Today’s healthcare debate and it’s polarizing icons points to a less dramatic and often unnoticed contradiction between two opposing currents in American culture today. On the one hand is the endeavor to integrate people with disabilities into the public world by creating an accessible, barrier free material environment. On the other hand, is the medical mission to eliminate people with disabilities from the human community. What we might call the “integration initiative” arises from a rights-based understanding of disability and occurs through legislative and policy mandates such as the Americans with Disabilities Act of 1990 and 2009. In contrast, the “elimination initiative” arises from the idea that social improvement requires elimination of devalued human qualities and cons of people in the interest of reducing human suffering and increasing life quality and building a more desirable citizenry.

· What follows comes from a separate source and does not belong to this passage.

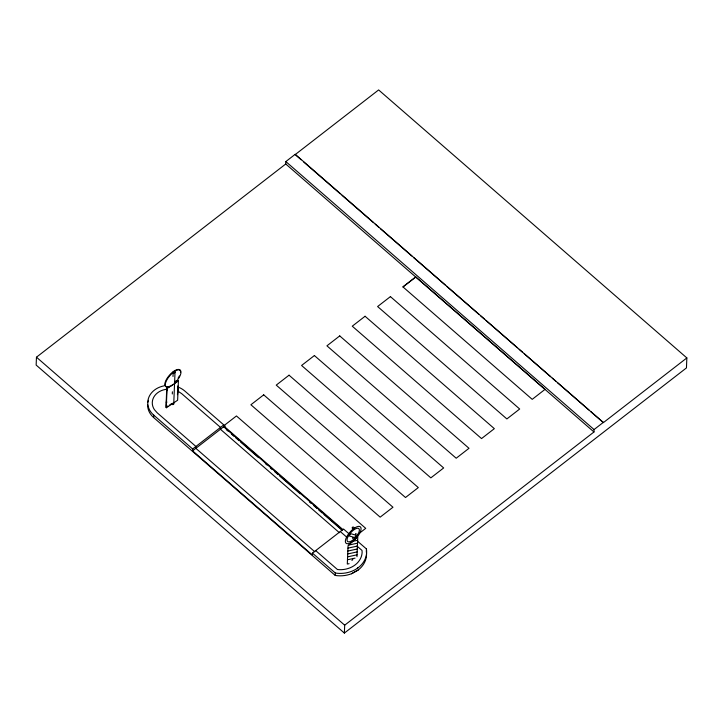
<?xml version="1.0" encoding="UTF-8"?>
<svg xmlns="http://www.w3.org/2000/svg" width="723" height="723" viewBox="0 0 723 723"><rect width="100%" height="100%" fill="white"/><g stroke="black" fill="none" stroke-linecap="round" stroke-linejoin="round"><path stroke-width="1.08" d="M169.164 386.471L166.751 388.07L166.028 406.416L168.125 406.353M177.506 394.677L177.813 386.904M590.646 411.495L603.416 422.594L295.201 154.306L285.838 161.572L285.748 163.985L36.466 357.198L36.15 365.07L344.374 633.068L686.452 367.917L686.85 357.93L378.626 89.932L295.192 154.605L301.157 159.783M357.948 541.563L366.434 548.947L366.335 551.36A26.796 22.006 2.3 0 1 358.31 569.941L351.495 573.755A26.796 22.006 2.3 0 1 335.246 575.454L153.647 417.56L153.746 415.138A21.545 17.695 2.3 0 1 164.148 385.838M174.83 382.729L178.066 380.596L178.418 380.958L177.632 400.235L166.344 407.745L166.787 388.097L169.607 386.218M166.344 407.745L166.787 388.097M172.3 393.981L172.39 391.794M173.005 376.502L173.177 372.137M173.737 403.868L175.011 372.191M177.487 394.523L177.84 385.946M349.462 534.189L343.524 529.019L312.435 553.122L312.363 554.975L192.598 450.845L192.67 448.983L223.759 424.889L184.835 391.044A21.545 17.695 2.3 0 0 177.415 386.814M192.598 450.845L223.678 426.751L223.759 424.889M335.246 575.454L335.345 573.041A26.796 22.006 2.3 0 0 366.434 548.947M344.374 633.068L344.69 625.196L593.972 431.974L594.062 429.561L603.425 422.304M355.897 533.764L355.12 534.93L350.836 533.719L349.164 535.96L353.393 537.117L352.625 538.292L355.852 536.484L355.96 533.809M356.972 556.746L357.795 536.864L348.052 545.711L347.302 564.03L349.101 563.705M402.946 286.95L415.761 276.972L545.025 389.372L532.218 399.349L402.946 286.904L415.761 276.972M223.66 427.302L225.296 426.037M358.03 534.306L365.721 528.35L236.448 415.96L223.642 425.883L342.702 529.408M603.416 422.594L686.85 357.93M174.306 383.091L178.066 380.596M167.14 388.459L178.418 380.958M165.992 407.383L167.872 406.127M169.751 404.88L171.631 403.624M357.325 568.242L358.409 567.528M351.495 573.755L358.31 569.941M352.923 541.283L357.659 540.253M348.739 545.088L357.533 543.163M347.953 548.142L357.415 546.073M347.835 551.053L357.298 548.983M347.718 553.963L357.171 551.893M347.591 556.873L357.054 554.803M347.474 559.783L355.047 558.129M166.652 390.501L167.429 390.456M166.191 402.169L166.977 402.115M178.093 391.26L181.789 393.737L220.506 427.401L220.434 429.263L339.421 532.724M303.705 162.006L340.316 193.845M342.024 195.318L373.529 222.711M375.228 224.193L378.635 227.158M380.334 228.64L411.839 256.023M413.547 257.505L445.052 284.898M446.751 286.38L479.105 314.514M480.813 315.996L484.211 318.951M485.919 320.434L517.424 347.826M519.123 349.308L522.53 352.264M524.229 353.746L550.628 376.701M552.327 378.183L555.734 381.138M557.442 382.621L588.947 410.013M285.838 161.572L594.062 429.561M285.748 163.985L593.972 431.974M223.678 426.751L342.603 530.14M226.317 429.616L228.016 431.089M231.405 434.044L233.954 436.258M235.653 437.731L239.042 440.678M240.741 442.16L258.563 457.65M265.35 463.551L267.049 465.034M270.447 467.98L272.137 469.462M274.686 471.667L278.084 474.622M279.774 476.095L300.144 493.809M309.48 501.925L311.179 503.398M313.719 505.612L317.117 508.567M318.816 510.04L322.205 512.987M323.904 514.469L341.726 529.959M340.28 531.541L346.778 537.189M356.945 546.028L362.024 550.447L362.133 552.2A22.286 18.301 2.3 0 1 339.557 569.697L337.433 569.516L315.68 550.601M314.83 551.785L195.843 448.323L195.915 446.471L157.198 412.806L154.388 409.634A17.009 13.963 2.3 0 1 167.42 389.182M153.746 415.138L192.67 448.983M312.435 553.122L335.345 573.041M36.466 357.198L344.69 625.196M168.513 386.534A10.89 4.347 -49 0 1 168.992 375.734A10.89 4.347 -49 0 1 180.542 372.029M179.349 375.96A10.89 4.347 -49 0 1 178.048 378.21M176.376 380.461A10.89 4.347 -49 0 1 174.451 382.548M172.86 384.726A10.89 4.347 -49 0 1 166.136 381.355A10.89 4.347 -49 0 1 179.34 369.833A10.89 4.347 -49 0 1 174.903 382.937M173.077 403.118A0.913 0.75 2.3 0 1 173.719 403.994A0.913 0.75 2.3 0 1 172.725 404.582A0.913 0.75 2.3 0 1 171.911 403.814M352.716 559.313A0.913 0.75 2.3 0 1 351.812 560.235M153.647 417.56A21.545 17.695 2.3 0 1 147.655 404.862M147.989 402.096A21.545 17.695 2.3 0 1 148.504 400.307M350.303 533.194L348.983 534.957A8.568 3.416 -49 0 0 348.161 541.825A8.568 3.416 -49 0 0 356.105 536.909L357.424 535.147A8.568 3.416 -49 0 0 358.237 528.278A8.568 3.416 -49 0 0 350.303 533.194M263.705 394.839L250.899 404.763L380.162 517.153L392.969 507.23L263.705 394.839M289.046 375.192L276.24 385.115L405.504 497.514L418.31 487.582L289.046 375.192M314.388 355.544L301.581 365.476L430.845 477.867L443.66 467.944L314.388 355.544M339.729 335.906L326.923 345.829L456.195 458.228L469.001 448.296L339.729 335.906M365.07 316.258L352.264 326.19L481.536 438.581L494.342 428.658L365.07 316.258M390.42 296.62L377.605 306.543L506.877 418.942L519.683 409.01L390.42 296.62M173.439 372.679A0.913 0.75 2.3 0 0 174.975 372.39A0.913 0.75 2.3 0 0 173.872 371.432A0.913 0.75 2.3 0 0 173.439 372.679M350.899 542.648A10.89 4.347 -49 0 0 360.867 527.573A10.89 4.347 -49 0 0 347.844 534.939A10.89 4.347 -49 0 0 350.899 542.648M352.444 528.323A0.913 0.75 2.3 0 0 353.981 528.025A0.913 0.75 2.3 0 0 352.887 527.076A0.913 0.75 2.3 0 0 352.444 528.323"/></g></svg>

This contradiction in beliefs has filled the contemporary American public landscape with both fewer and more people with disabilities. For instance, wheelchair users now enter public spaces, transportation, employment, and commercial culture on a scale impossible before the legal mandates of the 1970s began to change the built environment. At the same time, medical technologies increasingly identify and eliminate through selective reproductive procedures potential wheelchair users born with traits such as spina bifida, which often requires wheelchair use for effective mobility. In another example, people with developmental and cognitive disabilities are now educated in integrated, mainstream educational settings which accommodate their educational needs rather than in segregated institutions. Simultaneously, medical technology routinely selects fetuses with Down syndrome or trisomy 21 in pregnancies to evaluate for termination.

The point is that not just what we do with granny’s plugs but how we imagine granny’s life reaches out beyond the nursing home room and into our shared world, affecting who we are and want to be as a human community.